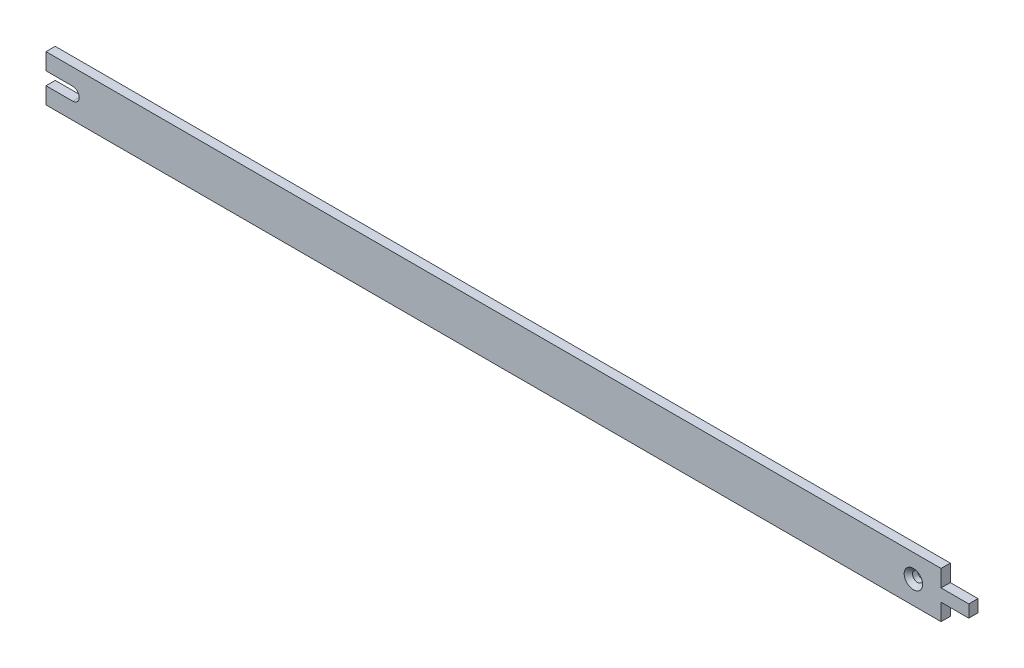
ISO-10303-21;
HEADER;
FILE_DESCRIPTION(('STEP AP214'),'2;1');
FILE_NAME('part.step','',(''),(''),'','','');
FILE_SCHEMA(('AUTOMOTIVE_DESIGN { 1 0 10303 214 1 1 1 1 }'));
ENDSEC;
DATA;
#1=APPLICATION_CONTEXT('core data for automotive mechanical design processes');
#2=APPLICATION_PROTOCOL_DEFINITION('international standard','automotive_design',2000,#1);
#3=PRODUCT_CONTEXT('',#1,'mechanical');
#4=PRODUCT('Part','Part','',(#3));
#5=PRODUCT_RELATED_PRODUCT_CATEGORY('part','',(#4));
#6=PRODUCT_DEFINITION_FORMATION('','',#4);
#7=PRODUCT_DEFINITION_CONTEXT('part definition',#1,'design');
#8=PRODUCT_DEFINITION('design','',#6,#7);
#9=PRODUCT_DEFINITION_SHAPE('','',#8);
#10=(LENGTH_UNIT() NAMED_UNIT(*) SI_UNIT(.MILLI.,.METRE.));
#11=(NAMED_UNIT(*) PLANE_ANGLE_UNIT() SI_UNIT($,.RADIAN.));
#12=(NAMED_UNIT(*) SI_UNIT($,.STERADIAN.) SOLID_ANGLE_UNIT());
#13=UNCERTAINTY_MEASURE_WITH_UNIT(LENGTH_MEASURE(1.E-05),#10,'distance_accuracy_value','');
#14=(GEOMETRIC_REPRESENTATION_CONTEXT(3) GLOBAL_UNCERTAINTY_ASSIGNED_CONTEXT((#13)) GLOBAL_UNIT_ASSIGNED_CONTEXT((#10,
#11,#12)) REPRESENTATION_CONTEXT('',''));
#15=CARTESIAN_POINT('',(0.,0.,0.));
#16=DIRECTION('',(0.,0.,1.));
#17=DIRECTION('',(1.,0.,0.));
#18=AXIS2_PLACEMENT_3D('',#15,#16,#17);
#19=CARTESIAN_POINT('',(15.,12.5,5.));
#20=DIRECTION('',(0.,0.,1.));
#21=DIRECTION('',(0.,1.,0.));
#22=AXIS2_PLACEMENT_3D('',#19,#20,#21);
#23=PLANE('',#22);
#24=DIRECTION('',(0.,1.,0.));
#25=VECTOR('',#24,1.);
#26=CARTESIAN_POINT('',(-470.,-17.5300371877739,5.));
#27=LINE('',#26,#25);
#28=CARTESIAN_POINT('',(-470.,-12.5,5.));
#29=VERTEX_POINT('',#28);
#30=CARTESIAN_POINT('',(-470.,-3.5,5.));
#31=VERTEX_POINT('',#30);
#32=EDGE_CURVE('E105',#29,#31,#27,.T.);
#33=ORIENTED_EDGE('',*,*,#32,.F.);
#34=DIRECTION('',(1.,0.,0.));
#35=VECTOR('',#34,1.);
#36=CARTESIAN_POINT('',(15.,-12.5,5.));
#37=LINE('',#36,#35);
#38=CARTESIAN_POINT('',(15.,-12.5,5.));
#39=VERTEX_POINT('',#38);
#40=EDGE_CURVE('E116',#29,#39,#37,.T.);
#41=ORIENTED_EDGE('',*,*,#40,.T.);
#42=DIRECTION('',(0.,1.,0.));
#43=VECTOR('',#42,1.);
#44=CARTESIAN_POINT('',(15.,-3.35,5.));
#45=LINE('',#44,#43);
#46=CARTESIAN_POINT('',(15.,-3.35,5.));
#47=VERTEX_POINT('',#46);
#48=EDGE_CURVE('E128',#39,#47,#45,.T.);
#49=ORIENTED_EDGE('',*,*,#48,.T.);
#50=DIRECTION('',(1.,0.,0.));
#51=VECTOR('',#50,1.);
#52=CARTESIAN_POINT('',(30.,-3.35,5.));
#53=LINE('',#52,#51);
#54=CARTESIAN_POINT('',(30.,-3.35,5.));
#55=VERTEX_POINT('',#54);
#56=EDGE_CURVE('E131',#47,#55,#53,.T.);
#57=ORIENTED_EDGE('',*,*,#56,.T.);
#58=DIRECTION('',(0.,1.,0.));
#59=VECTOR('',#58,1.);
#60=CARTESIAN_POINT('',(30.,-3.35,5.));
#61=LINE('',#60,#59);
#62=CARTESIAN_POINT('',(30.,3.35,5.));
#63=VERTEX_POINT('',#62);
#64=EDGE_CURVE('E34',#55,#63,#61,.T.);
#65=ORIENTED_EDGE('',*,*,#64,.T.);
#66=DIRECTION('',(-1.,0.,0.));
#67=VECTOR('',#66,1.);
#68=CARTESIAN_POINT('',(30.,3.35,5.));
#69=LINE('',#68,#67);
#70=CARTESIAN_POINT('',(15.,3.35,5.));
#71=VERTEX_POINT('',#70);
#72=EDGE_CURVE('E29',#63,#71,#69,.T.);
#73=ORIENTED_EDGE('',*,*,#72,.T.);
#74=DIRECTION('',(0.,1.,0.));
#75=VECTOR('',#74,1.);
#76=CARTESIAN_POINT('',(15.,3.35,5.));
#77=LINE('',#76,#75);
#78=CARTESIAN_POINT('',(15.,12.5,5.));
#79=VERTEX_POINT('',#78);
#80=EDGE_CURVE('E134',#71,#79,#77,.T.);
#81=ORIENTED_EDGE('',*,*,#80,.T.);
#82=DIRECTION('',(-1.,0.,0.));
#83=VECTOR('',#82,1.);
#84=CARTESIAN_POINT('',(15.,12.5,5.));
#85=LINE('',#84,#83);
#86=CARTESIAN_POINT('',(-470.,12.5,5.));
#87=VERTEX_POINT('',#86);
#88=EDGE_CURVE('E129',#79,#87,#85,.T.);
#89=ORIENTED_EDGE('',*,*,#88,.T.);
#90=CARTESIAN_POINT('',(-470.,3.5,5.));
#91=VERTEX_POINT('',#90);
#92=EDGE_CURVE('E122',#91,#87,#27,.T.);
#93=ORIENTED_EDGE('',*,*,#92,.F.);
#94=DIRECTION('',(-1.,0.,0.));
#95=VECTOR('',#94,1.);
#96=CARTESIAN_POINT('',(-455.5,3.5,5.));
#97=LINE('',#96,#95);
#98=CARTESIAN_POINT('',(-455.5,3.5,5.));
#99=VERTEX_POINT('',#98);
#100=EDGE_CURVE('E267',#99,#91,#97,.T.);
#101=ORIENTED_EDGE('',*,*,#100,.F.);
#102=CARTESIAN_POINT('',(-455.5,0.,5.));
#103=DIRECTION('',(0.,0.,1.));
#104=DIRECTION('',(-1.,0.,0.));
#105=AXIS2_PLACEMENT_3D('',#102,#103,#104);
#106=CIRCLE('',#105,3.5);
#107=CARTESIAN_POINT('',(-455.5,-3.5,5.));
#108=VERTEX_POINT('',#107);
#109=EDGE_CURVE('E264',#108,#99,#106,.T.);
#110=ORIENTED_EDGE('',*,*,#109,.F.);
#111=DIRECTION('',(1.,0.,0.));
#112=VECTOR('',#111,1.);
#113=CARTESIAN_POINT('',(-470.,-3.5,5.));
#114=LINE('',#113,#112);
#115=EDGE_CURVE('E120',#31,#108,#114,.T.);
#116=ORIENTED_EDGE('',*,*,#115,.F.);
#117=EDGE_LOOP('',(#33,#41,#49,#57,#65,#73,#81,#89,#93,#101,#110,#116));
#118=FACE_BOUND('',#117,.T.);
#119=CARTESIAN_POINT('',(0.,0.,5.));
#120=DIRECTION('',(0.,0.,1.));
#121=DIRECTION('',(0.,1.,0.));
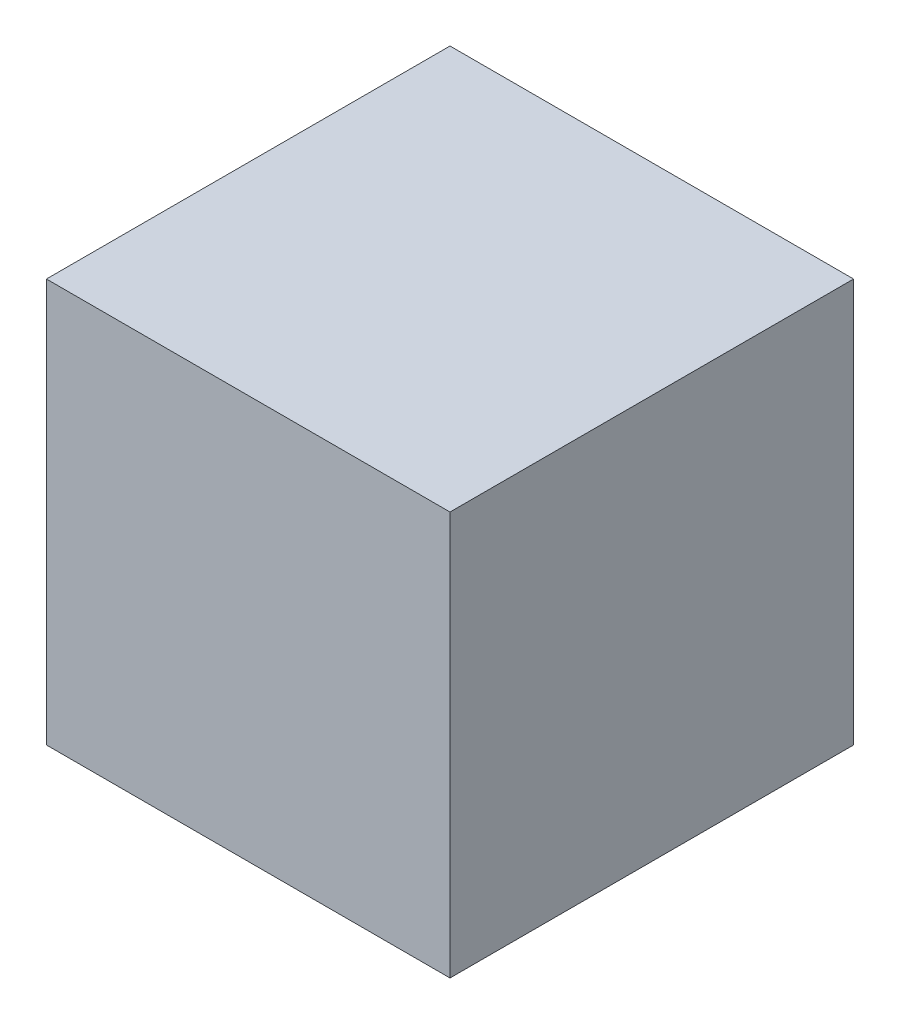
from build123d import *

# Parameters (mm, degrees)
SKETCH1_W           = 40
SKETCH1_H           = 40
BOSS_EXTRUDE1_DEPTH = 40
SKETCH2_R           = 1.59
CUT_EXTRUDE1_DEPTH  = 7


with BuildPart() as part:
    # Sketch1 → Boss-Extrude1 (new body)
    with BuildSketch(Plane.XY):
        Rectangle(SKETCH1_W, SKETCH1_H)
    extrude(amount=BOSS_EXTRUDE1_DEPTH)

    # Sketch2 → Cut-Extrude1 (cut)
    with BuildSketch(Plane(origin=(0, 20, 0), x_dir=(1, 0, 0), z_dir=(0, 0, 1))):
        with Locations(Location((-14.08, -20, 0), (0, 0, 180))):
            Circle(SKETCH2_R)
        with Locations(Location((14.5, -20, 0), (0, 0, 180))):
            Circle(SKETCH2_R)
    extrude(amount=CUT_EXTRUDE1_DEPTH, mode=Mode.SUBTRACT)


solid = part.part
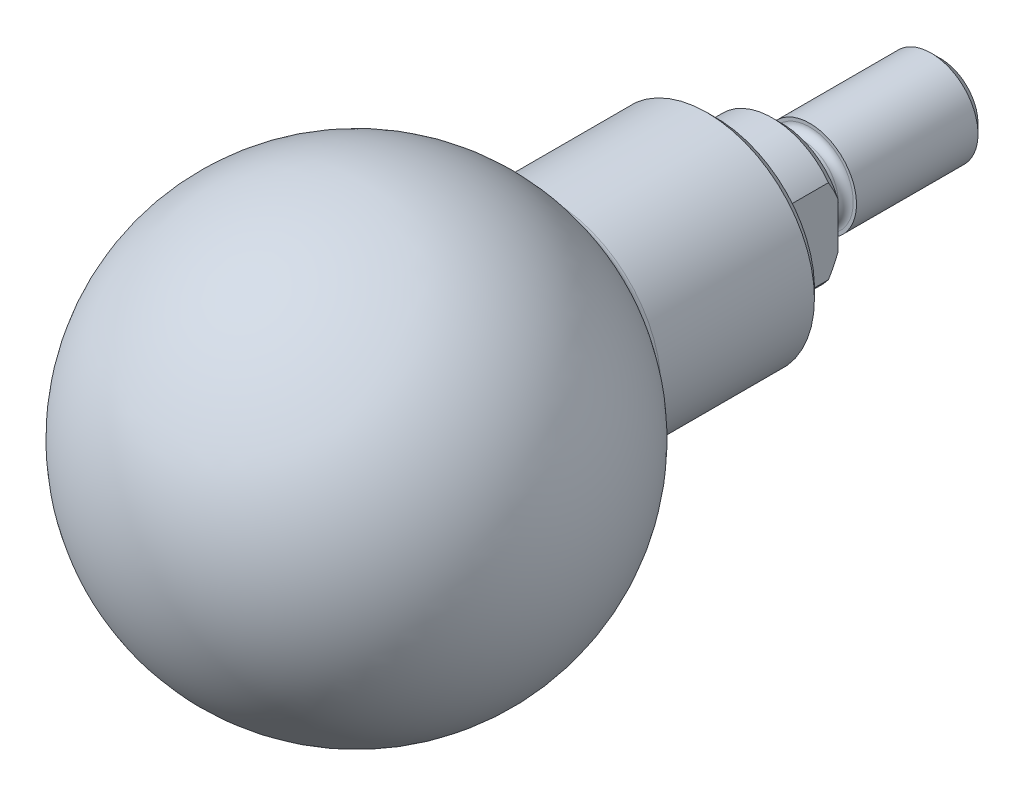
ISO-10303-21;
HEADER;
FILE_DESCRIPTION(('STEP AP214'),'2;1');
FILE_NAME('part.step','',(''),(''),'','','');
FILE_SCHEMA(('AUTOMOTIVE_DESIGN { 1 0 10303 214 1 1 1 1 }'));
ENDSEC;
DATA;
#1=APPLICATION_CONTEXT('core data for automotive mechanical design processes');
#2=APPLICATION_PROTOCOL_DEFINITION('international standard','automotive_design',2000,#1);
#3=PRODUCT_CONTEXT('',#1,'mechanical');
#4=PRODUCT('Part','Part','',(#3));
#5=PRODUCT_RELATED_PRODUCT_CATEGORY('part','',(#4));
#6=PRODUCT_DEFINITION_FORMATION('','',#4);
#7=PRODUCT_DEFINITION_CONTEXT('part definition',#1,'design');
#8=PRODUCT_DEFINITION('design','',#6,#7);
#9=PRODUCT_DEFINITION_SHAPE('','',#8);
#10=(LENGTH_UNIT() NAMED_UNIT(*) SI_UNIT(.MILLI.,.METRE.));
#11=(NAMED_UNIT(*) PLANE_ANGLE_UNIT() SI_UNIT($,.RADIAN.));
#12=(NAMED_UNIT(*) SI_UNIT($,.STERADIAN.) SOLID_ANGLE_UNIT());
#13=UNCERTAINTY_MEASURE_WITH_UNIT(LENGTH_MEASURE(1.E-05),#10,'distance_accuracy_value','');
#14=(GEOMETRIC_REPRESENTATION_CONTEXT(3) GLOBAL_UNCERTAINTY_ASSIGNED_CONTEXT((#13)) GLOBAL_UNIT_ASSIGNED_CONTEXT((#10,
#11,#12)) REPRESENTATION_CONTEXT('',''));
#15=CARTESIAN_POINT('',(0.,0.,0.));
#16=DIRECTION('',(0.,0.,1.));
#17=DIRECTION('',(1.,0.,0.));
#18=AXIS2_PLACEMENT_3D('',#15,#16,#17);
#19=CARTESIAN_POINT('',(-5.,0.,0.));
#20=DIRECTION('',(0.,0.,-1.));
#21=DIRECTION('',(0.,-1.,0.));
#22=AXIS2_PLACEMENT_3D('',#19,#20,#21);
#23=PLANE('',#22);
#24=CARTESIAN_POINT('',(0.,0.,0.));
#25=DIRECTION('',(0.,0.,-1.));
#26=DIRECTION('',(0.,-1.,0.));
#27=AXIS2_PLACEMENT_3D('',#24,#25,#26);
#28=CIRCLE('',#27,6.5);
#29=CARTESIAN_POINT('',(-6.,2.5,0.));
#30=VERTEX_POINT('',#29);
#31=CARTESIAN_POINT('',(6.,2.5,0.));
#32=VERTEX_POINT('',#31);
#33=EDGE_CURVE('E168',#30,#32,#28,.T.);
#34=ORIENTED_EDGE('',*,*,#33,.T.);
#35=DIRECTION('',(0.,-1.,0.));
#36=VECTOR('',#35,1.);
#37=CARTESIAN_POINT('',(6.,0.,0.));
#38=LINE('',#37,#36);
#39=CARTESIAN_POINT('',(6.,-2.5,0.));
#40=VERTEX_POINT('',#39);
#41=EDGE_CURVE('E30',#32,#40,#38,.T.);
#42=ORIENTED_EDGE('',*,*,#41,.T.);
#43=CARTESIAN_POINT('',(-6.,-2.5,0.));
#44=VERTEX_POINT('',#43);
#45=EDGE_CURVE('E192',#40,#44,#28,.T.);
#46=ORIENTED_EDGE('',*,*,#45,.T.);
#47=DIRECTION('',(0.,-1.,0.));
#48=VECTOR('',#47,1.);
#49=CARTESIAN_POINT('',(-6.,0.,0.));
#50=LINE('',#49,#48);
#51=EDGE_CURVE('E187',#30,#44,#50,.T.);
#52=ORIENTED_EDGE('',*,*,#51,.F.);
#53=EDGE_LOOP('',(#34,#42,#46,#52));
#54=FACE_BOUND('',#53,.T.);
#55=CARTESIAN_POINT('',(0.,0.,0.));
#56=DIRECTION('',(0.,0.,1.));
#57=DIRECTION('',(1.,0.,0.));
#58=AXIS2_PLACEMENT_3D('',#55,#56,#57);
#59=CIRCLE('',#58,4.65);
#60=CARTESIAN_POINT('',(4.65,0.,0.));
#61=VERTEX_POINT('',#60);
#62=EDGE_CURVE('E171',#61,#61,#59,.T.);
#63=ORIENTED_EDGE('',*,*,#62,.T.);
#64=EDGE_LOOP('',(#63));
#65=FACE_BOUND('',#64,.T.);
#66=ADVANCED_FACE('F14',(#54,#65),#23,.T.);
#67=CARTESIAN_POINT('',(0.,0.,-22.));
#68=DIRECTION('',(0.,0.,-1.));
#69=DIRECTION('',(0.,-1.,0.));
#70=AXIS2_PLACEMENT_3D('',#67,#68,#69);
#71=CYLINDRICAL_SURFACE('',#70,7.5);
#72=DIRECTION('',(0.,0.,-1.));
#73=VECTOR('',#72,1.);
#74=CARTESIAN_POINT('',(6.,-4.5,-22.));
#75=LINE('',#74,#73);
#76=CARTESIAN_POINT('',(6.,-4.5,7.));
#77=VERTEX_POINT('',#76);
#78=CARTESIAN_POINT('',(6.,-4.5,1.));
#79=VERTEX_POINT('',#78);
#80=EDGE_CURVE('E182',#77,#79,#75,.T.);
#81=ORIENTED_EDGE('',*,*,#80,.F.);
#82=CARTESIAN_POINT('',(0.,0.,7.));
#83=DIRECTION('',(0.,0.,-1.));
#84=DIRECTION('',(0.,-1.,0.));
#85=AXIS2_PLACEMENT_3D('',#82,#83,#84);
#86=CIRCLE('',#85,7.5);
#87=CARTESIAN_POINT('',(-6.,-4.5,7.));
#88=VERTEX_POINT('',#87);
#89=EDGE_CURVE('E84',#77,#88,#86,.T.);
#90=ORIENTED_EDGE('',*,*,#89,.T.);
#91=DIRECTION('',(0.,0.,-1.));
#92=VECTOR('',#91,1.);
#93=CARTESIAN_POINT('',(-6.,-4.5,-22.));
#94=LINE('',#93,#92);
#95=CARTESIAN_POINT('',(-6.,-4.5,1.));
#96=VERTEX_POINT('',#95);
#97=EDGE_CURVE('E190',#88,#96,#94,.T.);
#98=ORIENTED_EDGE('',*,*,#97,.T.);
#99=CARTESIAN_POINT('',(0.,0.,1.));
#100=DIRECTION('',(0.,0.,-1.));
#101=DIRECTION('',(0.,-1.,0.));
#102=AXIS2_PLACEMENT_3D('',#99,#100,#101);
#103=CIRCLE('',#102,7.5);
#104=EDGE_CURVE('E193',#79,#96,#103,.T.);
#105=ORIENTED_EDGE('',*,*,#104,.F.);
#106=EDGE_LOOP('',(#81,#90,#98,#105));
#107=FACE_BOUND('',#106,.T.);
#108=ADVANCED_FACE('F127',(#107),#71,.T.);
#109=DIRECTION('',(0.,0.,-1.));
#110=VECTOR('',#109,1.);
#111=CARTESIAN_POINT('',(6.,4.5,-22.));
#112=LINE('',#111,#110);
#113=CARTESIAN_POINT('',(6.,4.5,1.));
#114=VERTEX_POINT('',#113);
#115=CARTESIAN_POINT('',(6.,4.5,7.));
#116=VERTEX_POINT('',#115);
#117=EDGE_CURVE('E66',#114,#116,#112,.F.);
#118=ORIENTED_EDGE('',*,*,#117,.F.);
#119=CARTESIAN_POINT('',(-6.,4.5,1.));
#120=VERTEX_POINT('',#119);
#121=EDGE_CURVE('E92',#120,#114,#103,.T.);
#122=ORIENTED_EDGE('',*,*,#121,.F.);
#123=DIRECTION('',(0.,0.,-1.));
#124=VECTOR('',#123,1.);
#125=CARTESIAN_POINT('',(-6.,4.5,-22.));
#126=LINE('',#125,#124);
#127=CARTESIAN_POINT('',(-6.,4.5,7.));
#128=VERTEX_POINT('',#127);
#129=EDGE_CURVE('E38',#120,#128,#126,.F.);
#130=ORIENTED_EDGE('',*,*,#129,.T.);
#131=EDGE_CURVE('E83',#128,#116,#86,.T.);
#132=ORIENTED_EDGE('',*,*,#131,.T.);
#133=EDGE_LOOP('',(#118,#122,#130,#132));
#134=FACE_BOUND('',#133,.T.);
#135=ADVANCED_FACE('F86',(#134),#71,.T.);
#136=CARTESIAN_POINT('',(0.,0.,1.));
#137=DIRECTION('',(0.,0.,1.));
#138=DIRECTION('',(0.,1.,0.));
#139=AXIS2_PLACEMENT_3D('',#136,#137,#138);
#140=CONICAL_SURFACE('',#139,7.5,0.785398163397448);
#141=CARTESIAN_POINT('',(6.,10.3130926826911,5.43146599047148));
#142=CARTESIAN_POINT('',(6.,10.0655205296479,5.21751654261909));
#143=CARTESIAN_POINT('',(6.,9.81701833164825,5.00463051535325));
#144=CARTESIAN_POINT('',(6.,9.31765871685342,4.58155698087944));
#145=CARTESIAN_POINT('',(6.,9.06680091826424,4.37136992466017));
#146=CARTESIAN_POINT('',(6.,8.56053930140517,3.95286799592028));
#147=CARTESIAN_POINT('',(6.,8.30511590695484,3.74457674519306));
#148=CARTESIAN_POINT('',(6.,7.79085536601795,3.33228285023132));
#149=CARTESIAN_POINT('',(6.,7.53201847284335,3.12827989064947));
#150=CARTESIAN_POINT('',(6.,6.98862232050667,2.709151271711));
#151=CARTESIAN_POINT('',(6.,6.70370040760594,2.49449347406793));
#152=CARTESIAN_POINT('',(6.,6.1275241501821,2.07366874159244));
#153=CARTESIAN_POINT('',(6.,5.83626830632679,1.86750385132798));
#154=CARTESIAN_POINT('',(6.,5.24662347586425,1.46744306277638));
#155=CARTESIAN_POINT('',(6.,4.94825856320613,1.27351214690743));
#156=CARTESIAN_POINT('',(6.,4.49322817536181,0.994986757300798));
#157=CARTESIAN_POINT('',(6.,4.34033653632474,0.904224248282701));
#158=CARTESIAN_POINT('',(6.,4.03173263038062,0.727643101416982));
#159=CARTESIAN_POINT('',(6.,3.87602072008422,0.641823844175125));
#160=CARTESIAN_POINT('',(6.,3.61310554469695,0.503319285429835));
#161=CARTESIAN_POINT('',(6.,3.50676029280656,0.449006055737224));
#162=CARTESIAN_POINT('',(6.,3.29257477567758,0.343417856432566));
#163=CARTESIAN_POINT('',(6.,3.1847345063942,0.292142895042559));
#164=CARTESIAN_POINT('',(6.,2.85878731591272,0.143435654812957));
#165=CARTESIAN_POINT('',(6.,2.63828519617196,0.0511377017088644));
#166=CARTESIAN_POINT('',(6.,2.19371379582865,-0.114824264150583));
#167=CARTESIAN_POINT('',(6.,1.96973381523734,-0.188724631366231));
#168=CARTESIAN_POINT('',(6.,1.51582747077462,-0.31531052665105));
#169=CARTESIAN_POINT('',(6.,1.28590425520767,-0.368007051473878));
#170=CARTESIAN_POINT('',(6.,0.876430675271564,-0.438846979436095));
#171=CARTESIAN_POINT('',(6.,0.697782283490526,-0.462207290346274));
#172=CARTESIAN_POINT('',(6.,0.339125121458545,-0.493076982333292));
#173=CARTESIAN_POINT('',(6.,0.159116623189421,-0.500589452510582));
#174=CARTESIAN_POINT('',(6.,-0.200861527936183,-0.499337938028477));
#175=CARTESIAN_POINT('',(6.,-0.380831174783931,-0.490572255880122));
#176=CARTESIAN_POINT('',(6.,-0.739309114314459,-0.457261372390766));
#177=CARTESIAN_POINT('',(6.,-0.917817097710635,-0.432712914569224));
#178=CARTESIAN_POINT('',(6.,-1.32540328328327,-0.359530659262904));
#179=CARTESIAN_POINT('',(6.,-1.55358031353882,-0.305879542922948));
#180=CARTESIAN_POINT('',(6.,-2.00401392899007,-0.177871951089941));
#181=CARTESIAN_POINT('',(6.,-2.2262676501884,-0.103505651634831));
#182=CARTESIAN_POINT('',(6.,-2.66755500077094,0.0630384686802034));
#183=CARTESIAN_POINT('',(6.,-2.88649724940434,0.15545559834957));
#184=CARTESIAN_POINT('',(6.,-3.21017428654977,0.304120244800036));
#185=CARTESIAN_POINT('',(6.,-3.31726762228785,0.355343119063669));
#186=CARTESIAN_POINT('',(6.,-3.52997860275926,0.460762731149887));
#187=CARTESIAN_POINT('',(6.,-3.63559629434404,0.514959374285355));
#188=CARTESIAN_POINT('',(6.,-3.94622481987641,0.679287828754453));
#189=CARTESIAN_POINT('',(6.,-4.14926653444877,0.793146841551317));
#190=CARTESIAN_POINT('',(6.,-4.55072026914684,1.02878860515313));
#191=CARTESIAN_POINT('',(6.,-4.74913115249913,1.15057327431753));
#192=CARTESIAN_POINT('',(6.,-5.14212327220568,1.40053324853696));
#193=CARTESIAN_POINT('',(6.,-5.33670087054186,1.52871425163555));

#### [What is being asked]
Scan the material above. Extract every line in which the word "amount" occurs.

#### [Response to the task]
    extrude(amount=BOSS_EXTRUDE1_DEPTH)
    extrude(amount=CUT_EXTRUDE1_DEPTH, mode=Mode.SUBTRACT)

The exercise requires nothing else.